14 thoughts on “A model for deep learning

  1. Thank you for this post and your questions – below is a draft of my responses to your 4 Q’s! Please do not respond, you have many more important activities to engage in. See you Wed!

    1) I’ve spent hundreds of hours hitting a golf ball, with the original incentive of being excused from my physical ed. class in highschool by playing a sport. After four years playing on the team I made less than meaningful improvements to my overall game, and felt like I had no agency or control of the outcome, besides brute effort. Fast forward six years after graduating highschool and beginning at Foothill, I researched what it takes to hit a golf ball well on Youtube, then in books. This is where I really began to understand what swing mechanics meant, and enjoyed the game. The two primary reasons I did that research was because 1) a golf professor at Foothill named Tim, really spent time analyzing my swing, and the swing of my peers during golf class. Just like how you are doing for your student’s learning portfolios and STEM projects (I can’t state enough how cool, valuable, inspirational it is to see what you are doing this Q!) 2) I realized if I could learn how to strike the ball better, I could co-teach it to my peers so that they could have more agency & fun in the sport than I did, in a much shorter amount of time!

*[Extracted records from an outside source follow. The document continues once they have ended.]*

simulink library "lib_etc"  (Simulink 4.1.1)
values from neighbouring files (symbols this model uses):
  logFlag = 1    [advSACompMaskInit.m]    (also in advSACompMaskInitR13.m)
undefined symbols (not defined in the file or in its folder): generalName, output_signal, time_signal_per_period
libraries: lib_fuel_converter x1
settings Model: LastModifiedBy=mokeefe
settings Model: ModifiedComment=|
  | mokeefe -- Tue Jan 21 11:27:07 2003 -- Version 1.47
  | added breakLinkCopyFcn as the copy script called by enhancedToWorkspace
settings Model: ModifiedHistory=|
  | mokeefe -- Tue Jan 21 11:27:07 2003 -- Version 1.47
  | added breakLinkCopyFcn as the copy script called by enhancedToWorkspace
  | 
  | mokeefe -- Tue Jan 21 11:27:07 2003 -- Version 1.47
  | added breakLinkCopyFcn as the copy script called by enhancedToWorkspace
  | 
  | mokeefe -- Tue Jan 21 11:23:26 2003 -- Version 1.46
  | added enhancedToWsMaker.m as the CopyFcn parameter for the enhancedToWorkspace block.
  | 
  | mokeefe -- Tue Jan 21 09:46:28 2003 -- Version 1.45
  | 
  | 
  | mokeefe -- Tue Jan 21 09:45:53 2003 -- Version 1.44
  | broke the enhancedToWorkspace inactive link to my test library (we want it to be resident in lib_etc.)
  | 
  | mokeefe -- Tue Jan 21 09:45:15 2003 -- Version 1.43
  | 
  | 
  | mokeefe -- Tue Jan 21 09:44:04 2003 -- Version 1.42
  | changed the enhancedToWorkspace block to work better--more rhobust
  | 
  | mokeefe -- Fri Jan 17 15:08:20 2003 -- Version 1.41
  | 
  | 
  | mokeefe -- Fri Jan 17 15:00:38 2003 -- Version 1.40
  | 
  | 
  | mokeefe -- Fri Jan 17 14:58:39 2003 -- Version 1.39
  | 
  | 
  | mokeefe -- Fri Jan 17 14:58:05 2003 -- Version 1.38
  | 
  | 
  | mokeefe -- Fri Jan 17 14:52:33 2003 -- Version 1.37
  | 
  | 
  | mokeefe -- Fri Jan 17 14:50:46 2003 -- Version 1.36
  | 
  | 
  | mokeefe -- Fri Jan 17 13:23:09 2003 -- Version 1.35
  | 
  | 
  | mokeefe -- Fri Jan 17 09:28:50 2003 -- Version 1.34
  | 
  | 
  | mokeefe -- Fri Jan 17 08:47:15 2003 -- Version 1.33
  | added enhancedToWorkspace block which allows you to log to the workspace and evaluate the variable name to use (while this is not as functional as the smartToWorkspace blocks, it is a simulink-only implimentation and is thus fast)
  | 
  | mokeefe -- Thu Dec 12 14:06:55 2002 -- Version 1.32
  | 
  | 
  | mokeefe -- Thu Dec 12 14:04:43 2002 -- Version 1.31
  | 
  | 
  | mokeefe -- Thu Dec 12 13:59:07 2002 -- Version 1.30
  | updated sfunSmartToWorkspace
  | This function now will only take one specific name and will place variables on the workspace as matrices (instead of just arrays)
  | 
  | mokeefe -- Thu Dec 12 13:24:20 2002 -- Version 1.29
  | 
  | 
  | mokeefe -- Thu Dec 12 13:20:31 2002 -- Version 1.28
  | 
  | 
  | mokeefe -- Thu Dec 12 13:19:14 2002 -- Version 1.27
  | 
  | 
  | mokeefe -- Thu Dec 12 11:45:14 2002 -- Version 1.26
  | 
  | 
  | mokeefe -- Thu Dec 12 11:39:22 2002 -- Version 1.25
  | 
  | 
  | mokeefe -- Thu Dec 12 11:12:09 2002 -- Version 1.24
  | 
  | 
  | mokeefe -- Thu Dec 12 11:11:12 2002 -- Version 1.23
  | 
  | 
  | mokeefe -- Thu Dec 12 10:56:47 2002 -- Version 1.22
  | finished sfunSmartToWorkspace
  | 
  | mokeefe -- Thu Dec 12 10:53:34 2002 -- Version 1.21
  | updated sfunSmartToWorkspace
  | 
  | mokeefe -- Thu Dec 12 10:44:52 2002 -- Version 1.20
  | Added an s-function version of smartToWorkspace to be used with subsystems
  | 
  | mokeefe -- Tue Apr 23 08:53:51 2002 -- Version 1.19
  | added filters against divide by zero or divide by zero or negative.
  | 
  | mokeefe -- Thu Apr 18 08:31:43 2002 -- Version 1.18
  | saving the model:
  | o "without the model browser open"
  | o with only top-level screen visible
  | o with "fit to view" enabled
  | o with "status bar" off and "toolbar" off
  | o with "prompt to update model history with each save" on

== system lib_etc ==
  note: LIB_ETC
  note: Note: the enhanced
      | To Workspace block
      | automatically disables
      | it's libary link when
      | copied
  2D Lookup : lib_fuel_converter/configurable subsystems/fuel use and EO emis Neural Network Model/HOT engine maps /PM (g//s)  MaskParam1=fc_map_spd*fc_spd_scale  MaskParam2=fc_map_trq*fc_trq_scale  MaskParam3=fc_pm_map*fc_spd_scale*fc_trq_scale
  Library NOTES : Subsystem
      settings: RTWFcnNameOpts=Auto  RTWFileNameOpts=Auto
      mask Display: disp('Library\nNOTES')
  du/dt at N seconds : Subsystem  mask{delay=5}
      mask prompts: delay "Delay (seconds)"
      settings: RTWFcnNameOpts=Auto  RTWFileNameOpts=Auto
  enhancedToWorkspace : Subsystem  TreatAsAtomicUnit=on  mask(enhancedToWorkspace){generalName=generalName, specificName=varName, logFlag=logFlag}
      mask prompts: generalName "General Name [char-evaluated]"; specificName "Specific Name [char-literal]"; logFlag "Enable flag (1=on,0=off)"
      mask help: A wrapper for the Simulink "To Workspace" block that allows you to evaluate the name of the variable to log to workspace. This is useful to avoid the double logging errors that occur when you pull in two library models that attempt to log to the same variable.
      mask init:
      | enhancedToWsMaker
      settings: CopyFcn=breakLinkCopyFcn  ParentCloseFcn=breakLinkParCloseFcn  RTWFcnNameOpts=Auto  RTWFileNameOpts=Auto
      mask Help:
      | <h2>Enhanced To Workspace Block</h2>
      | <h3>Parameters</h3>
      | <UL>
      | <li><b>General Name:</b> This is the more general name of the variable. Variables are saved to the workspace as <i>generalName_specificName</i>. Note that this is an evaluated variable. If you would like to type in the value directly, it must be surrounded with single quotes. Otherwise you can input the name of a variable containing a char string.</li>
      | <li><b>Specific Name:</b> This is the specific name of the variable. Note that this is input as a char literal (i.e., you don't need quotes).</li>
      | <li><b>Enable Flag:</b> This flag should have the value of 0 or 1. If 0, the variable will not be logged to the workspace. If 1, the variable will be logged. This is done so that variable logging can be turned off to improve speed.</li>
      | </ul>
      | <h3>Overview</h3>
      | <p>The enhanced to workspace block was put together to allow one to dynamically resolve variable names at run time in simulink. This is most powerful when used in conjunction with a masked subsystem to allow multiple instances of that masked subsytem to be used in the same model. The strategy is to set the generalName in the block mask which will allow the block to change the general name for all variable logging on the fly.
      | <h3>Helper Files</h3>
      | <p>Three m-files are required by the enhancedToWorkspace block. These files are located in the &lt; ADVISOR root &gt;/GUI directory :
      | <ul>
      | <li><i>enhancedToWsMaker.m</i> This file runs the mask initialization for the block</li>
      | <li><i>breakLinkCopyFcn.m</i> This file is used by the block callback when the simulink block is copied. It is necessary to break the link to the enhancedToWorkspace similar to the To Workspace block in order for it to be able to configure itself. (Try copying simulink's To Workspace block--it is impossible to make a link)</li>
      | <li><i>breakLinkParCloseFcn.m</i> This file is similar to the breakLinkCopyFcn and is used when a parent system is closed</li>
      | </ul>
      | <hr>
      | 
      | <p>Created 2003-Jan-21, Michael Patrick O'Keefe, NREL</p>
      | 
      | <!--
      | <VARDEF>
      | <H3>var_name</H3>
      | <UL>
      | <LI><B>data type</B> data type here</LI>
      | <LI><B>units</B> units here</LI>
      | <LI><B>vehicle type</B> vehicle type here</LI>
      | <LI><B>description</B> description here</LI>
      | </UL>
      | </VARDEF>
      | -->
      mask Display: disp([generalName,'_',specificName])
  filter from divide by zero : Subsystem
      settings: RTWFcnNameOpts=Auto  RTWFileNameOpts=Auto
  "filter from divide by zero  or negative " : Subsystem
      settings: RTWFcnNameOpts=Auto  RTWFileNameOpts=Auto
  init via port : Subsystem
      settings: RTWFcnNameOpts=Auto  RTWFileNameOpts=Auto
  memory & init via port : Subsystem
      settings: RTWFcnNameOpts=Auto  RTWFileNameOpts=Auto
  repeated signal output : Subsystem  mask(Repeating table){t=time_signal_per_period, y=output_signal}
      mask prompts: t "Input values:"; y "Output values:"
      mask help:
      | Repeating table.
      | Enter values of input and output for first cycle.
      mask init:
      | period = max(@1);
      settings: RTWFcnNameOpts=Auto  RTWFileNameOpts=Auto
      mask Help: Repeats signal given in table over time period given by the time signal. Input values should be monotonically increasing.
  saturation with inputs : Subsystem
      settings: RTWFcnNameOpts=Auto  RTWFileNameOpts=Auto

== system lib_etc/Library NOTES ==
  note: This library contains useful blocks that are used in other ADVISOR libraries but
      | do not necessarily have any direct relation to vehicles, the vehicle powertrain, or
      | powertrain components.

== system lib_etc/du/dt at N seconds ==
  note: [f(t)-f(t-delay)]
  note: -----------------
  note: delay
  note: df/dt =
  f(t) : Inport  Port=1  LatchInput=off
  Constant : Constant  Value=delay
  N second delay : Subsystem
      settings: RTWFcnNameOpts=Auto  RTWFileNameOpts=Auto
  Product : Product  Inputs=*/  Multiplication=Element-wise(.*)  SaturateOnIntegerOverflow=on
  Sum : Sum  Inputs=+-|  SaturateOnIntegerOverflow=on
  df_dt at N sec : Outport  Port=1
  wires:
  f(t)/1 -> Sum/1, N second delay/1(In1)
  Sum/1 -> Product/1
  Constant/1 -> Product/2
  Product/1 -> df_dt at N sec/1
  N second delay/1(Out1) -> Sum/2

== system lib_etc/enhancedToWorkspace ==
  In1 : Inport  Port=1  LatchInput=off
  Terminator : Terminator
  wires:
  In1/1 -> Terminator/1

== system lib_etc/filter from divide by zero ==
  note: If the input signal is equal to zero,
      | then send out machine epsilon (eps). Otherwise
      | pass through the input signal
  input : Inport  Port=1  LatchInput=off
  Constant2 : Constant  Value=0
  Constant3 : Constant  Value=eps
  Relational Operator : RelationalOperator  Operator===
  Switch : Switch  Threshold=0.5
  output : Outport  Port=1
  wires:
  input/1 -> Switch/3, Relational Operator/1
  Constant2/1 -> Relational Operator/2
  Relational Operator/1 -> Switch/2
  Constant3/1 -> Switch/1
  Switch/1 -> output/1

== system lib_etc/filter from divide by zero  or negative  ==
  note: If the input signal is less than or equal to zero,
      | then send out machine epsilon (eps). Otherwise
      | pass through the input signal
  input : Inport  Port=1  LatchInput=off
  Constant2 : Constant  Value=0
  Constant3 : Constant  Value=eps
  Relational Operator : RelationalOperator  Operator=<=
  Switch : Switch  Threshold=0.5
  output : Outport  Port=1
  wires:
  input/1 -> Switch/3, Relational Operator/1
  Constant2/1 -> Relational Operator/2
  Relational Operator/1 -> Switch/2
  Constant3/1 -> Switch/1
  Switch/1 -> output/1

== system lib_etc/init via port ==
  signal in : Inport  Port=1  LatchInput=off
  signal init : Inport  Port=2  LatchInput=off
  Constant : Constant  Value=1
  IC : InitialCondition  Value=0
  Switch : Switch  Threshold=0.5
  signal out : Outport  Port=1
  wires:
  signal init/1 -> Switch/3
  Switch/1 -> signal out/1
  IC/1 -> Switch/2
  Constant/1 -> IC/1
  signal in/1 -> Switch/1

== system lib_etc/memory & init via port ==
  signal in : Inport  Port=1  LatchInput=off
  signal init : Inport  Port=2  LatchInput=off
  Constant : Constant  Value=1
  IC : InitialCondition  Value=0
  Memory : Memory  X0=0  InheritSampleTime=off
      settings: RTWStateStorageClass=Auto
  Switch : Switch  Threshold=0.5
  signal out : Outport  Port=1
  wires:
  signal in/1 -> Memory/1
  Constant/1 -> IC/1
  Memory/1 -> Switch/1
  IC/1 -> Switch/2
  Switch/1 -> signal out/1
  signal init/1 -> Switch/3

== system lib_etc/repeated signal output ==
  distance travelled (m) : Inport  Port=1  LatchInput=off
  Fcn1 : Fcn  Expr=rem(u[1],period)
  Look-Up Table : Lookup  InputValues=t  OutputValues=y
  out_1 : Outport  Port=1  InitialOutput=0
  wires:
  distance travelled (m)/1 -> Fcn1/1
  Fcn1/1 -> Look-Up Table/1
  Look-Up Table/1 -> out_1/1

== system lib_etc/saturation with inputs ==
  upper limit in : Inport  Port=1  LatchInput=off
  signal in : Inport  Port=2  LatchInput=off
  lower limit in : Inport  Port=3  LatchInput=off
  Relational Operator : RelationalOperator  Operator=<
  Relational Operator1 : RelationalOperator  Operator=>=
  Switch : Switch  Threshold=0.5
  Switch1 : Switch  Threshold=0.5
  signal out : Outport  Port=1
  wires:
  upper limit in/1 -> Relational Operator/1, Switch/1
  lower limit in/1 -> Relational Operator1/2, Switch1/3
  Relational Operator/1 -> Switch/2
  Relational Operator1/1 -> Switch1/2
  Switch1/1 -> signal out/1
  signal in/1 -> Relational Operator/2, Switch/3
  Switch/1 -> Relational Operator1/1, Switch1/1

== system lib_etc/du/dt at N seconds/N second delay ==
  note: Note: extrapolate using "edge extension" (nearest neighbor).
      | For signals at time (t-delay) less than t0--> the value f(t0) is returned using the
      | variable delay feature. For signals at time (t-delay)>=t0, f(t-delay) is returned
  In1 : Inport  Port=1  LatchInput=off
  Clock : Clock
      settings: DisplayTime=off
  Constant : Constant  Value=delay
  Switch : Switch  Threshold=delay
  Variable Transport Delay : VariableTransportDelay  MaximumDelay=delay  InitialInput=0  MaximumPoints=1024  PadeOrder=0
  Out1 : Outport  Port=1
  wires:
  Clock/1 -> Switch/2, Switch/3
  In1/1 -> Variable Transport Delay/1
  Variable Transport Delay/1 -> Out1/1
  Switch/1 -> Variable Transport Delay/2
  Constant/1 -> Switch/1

    2. Going back to review pre-req material for CS is not fun because it feels frustrating and demoralizing that I haven’t learned anything significant in CS despite ‘finishing’ a dozen of those courses (I know you felt a similar moment about your undergrad courses, when you started grad school Jeff) I actively try to form study groups in all my CS classes (in fact this a the primary reason, in addition to Conquering College and meeting you, that I’ve made it this far) , but most CS professors make sure no genuine collaboration can happen, at all. Joining a STEM club, and starting my strategic – not deep – learning portfolio is something I need to do right away. Also doing my best each week to be able to ask technical questions during office hours is something I need to do more consistently to thrive this semester.

    3. I make sure as a peer educator, son, associate, student, and future community college educator, to do my best not to create assignments, lectures, assessments, dialogue, feedback, or *insert expectations* , that results in shallow learning (which leads to destroying the little belief that students have) when in their survival or comfort zone.

    4. I’m fortunate to have a few relationships who understand deep learning and the sweet spot, because they have invested the time they genuinely care about my well-being. Watching the way you conduct your classes ever since 5 years was a key inspiration for me to do what you do, for my own students. It breaks my heart to work with hundreds of students over the years who haven’t found an educator like this. Also, so many of my colleagues and classmates over the past decade tapped out of college because a professor pushed them too high in the survival zone or too low in the comfort zone. This is where I am quite excited by our learning code book, but currently even more excited to have some of your class videos be public, so I may supplement my stories about you with my friends, with a link!